Les savoirs scientifiques en temps de crise : un outil démocratique et émancipateur

, par   Jérôme Santolini
Installation artistique de Thorsten Goldberg sur le Kathleen Andrews Transit Garage à Edmonton, Alberta, Canada.
Installation artistique de Thorsten Goldberg sur le Kathleen Andrews Transit Garage à Edmonton, Alberta, Canada. Les hangars à bus abritent la flotte de bus électriques d’Edmonton.
Photo David Dodge, GreenEnergyFutures.ca

Lire l’article complet dans la revue "Silence" :

Les crises du Coronavirus ont agi comme un révélateur du profond malaise qui s’est installé dans les rapports entre sciences et société mettant en scène des savoirs mal mobilisés, de violentes controverses publiques, des comités d’experts au pouvoir obscur, et une parole scientifique de moins en moins comprise et perçue davantage comme un instrument politique que comme un dispositif cherchant à éclairer le monde dans lequel nous vivons. Cette confusion généralisée a révélé une profonde rupture entre les champs scientifique et politique, une incompréhension et une défiance de plus en plus exacerbée. Pourtant, en dépit (ou à cause) de la violence des tensions et de l’urgence de la situation, cette période a donné lieu à peu de réflexions de fond sur les origines, les causes et les mécanismes qui ont conduit à cette rupture.

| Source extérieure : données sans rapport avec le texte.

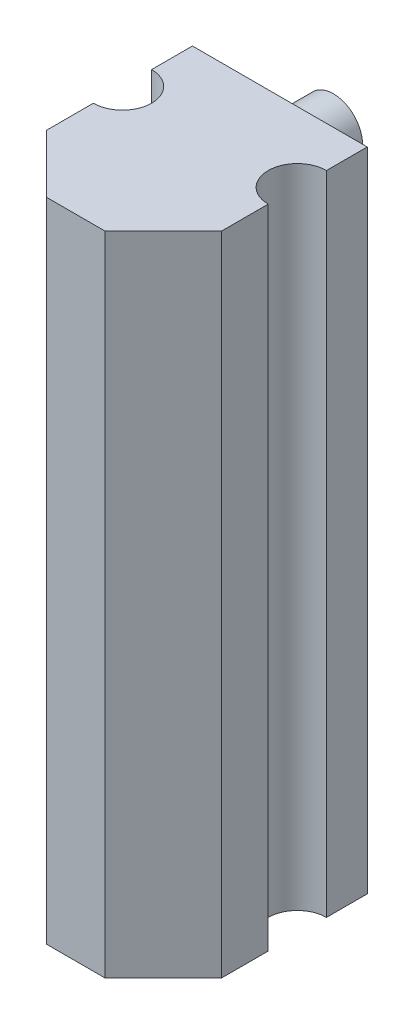
SolidWorks part; units mm, degrees
ref_plane "Front Plane" through (0, 0, 0) normal (0, 0, 1) x (1, 0, 0)
ref_plane "Top Plane" through (0, 0, 0) normal (0, 1, 0) x (1, 0, 0)
ref_plane "Right Plane" through (0, 0, 0) normal (1, 0, 0) x (0, 0, -1)
sketch "Sketch1" plane through (0, 0, 0) normal (0, 0, 1) x (1, 0, 0)
  line L1 (-14.1891, 55.5) -> (15.8109, 55.5)
  line L2 (-14.1891, 55.5) -> (-14.1891, -55.5)
  line L3 (-14.1891, -55.5) -> (15.8109, -55.5)
  line L4 (15.8109, 55.5) -> (15.8109, -55.5)
  dimension "D1" = 30
  dimension "D2" = 111
  dimension "D3" = 55.5
extrude "Boss-Extrude1" add sketch "Sketch1" along normal blind 35
sketch "Sketch2" plane through (0, 55.5, 0) normal (0, 1, 0) x (1, 0, 0)
  line L0 (0.8109, -35) -> (0.8109, -11.9849) construction
  line L1 (15.8109, -35) -> (-14.1891, -35) construction
  line L2 (5.8109, -35) -> (15.8109, -25)
  line L3 (15.8109, -35) -> (15.8109, 0) construction
  line L4 (15.8109, -25) -> (15.8109, -35)
  line L5 (15.8109, -35) -> (5.8109, -35)
  line L6 (15.8109, 0) -> (-14.1891, 0) construction
  line L7 (15.8109, -7) -> (15.8109, -17)
  line L8 (-14.1891, -25) -> (-14.1891, -35)
  line L9 (-14.1891, -35) -> (-4.1891, -35)
  line L10 (-4.1891, -35) -> (-14.1891, -25)
  line L11 (-14.1891, -7) -> (-14.1891, -17)
  arc A0 (15.8109, -7) -> (15.8109, -17) centre (15.8109, -12) ccw
  arc A1 (-14.1891, -7) -> (-14.1891, -17) centre (-14.1891, -12) cw
  dimension "D3" = 12
  dimension "D4" = 5
  dimension "D1" = 5
  dimension "D2" = 10
extrude "Cut-Extrude1" cut sketch "Sketch2" against normal through all
sketch "Sketch3" plane through (0, 0, 0) normal (0, 0, -1) x (-1, 0, 0)
  line L0 (0, 0) -> (0, 45.5) construction
  circle A0 centre (0, 45.5) radius 5
  circle A1 centre (0, -45.5) radius 5
  dimension "D1" = 91
  dimension "D2" = 45.5
extrude "Boss-Extrude2" add sketch "Sketch3" along normal blind 10
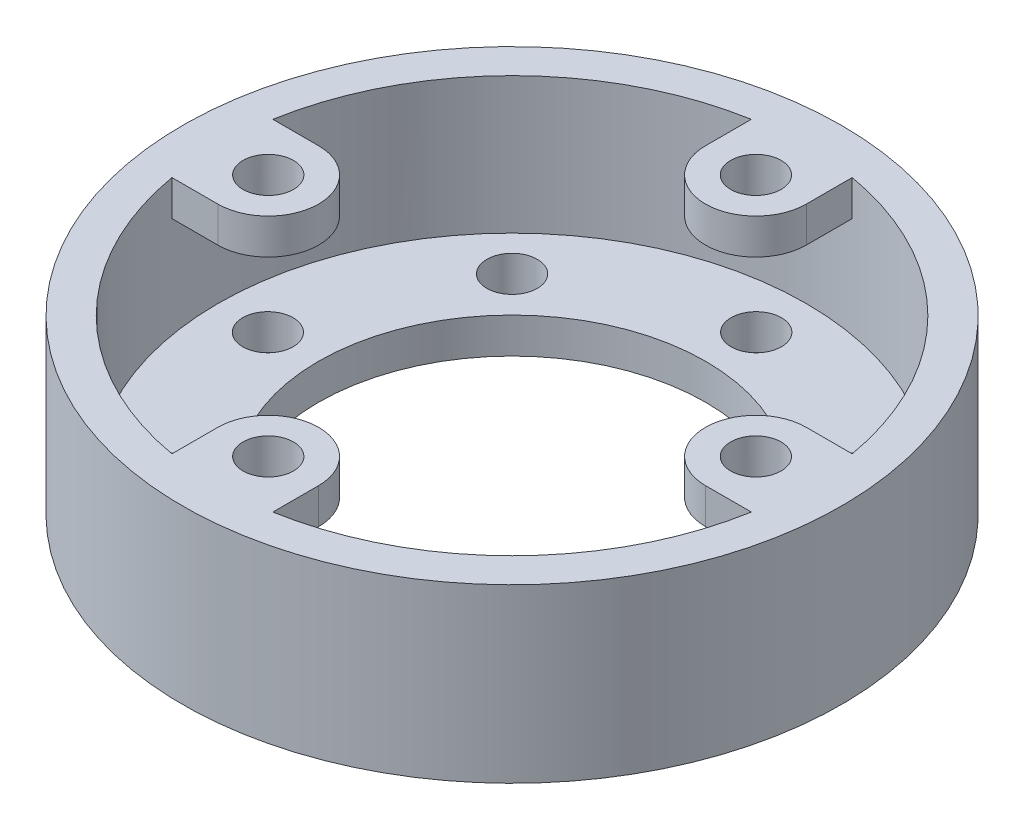
SolidWorks part; units mm, degrees
ref_plane "Front Plane" through (0, 0, 0) normal (0, 0, 1) x (1, 0, 0)
ref_plane "Top Plane" through (0, 0, 0) normal (0, 1, 0) x (1, 0, 0)
ref_plane "Right Plane" through (0, 0, 0) normal (1, 0, 0) x (0, 0, -1)
sketch "Sketch1" plane through (0, 0, 0) normal (0, 0, 1) x (1, 0, 0)
  line L0 (1690, 0) -> (2875, 0)
  line L1 (2875, 0) -> (2875, 1500)
  line L2 (2875, 1500) -> (2565, 1500)
  line L6 (2565, 310) -> (1690, 310)
  line L7 (1690, 310) -> (1690, 0)
  line L8 (2565, 310) -> (2565, 1500)
  line L9 (0, 0) -> (0, 587.9849) construction
  dimension "D1" = 1185
  dimension "D2" = 1690
  dimension "D3" = 1500
  dimension "D4" = 310
revolve "Revolve1" add sketch "Sketch1" angle 360 about L9
sketch "Sketch2" plane through (0, 310, 0) normal (0, 1, 0) x (1, 0, 0)
  circle A0 centre (2130, 0) radius 220
  point P2 (0, 0)
  dimension "D1" = 440
  dimension "D2" = 2130
extrude "Cut-Extrude1" cut sketch "Sketch2" against normal through all contours A0
pattern_circular "CirPattern1" count 8 over 360 about axis through (0, 0, 0) along (0, 1, 0) of "Cut-Extrude1"
sketch "Sketch8" plane through (0, 1500, 0) normal (0, 1, 0) x (1, 0, 0)
  line L2 (-440, 2526.9794) -> (-440, 2126.9794)
  line L4 (440, 2526.9794) -> (440, 2126.9794)
  circle A0 centre (0, 0) radius 2565 construction
  arc A1 (-440, 2126.9794) -> (440, 2126.9794) centre (0, 2126.9794) ccw
  circle A2 centre (0, 0) radius 2565 construction
  arc A3 (-440, 2526.9794) -> (440, 2526.9794) centre (0, 0) cw
  dimension "D1" = 400
  dimension "D2" = 880
extrude "Boss-Extrude1" add sketch "Sketch8" against normal blind 310 contours L2 A1 L4 A3
sketch "Sketch9" plane through (0, 1500, 0) normal (0, 1, 0) x (1, 0, 0)
  circle A0 centre (0, 2126.9794) radius 220
  point P2 (0, 0)
  point P4 (-142.5877, 2126.9794)
  point P5 (0, 0)
  dimension "D1" = 440
  dimension "D2" = 400
  dimension "D3" = 440
extrude "Cut-Extrude2" cut sketch "Sketch9" against normal up to next contours A0
pattern_circular "CirPattern2" count 4 over 360 about axis through (0, 0, 0) along (0, 1, 0) of "Boss-Extrude1", "Cut-Extrude2"

Depuis près de 20 ans, Sciences Citoyennes cherche à mettre en lumière les relations entre les activités scientifiques et les décisions politiques afin de « remettre les sciences en société, en démocratie » (1). La crise sanitaire, sociale et politique que nous traversons confirme le diagnostic que nous posons depuis longtemps sur l’état de nos rapports aux savoirs. Aujourd’hui le divorce entre les dimensions du savoir et du pouvoir pose un grave danger pour l’exercice de nos démocraties.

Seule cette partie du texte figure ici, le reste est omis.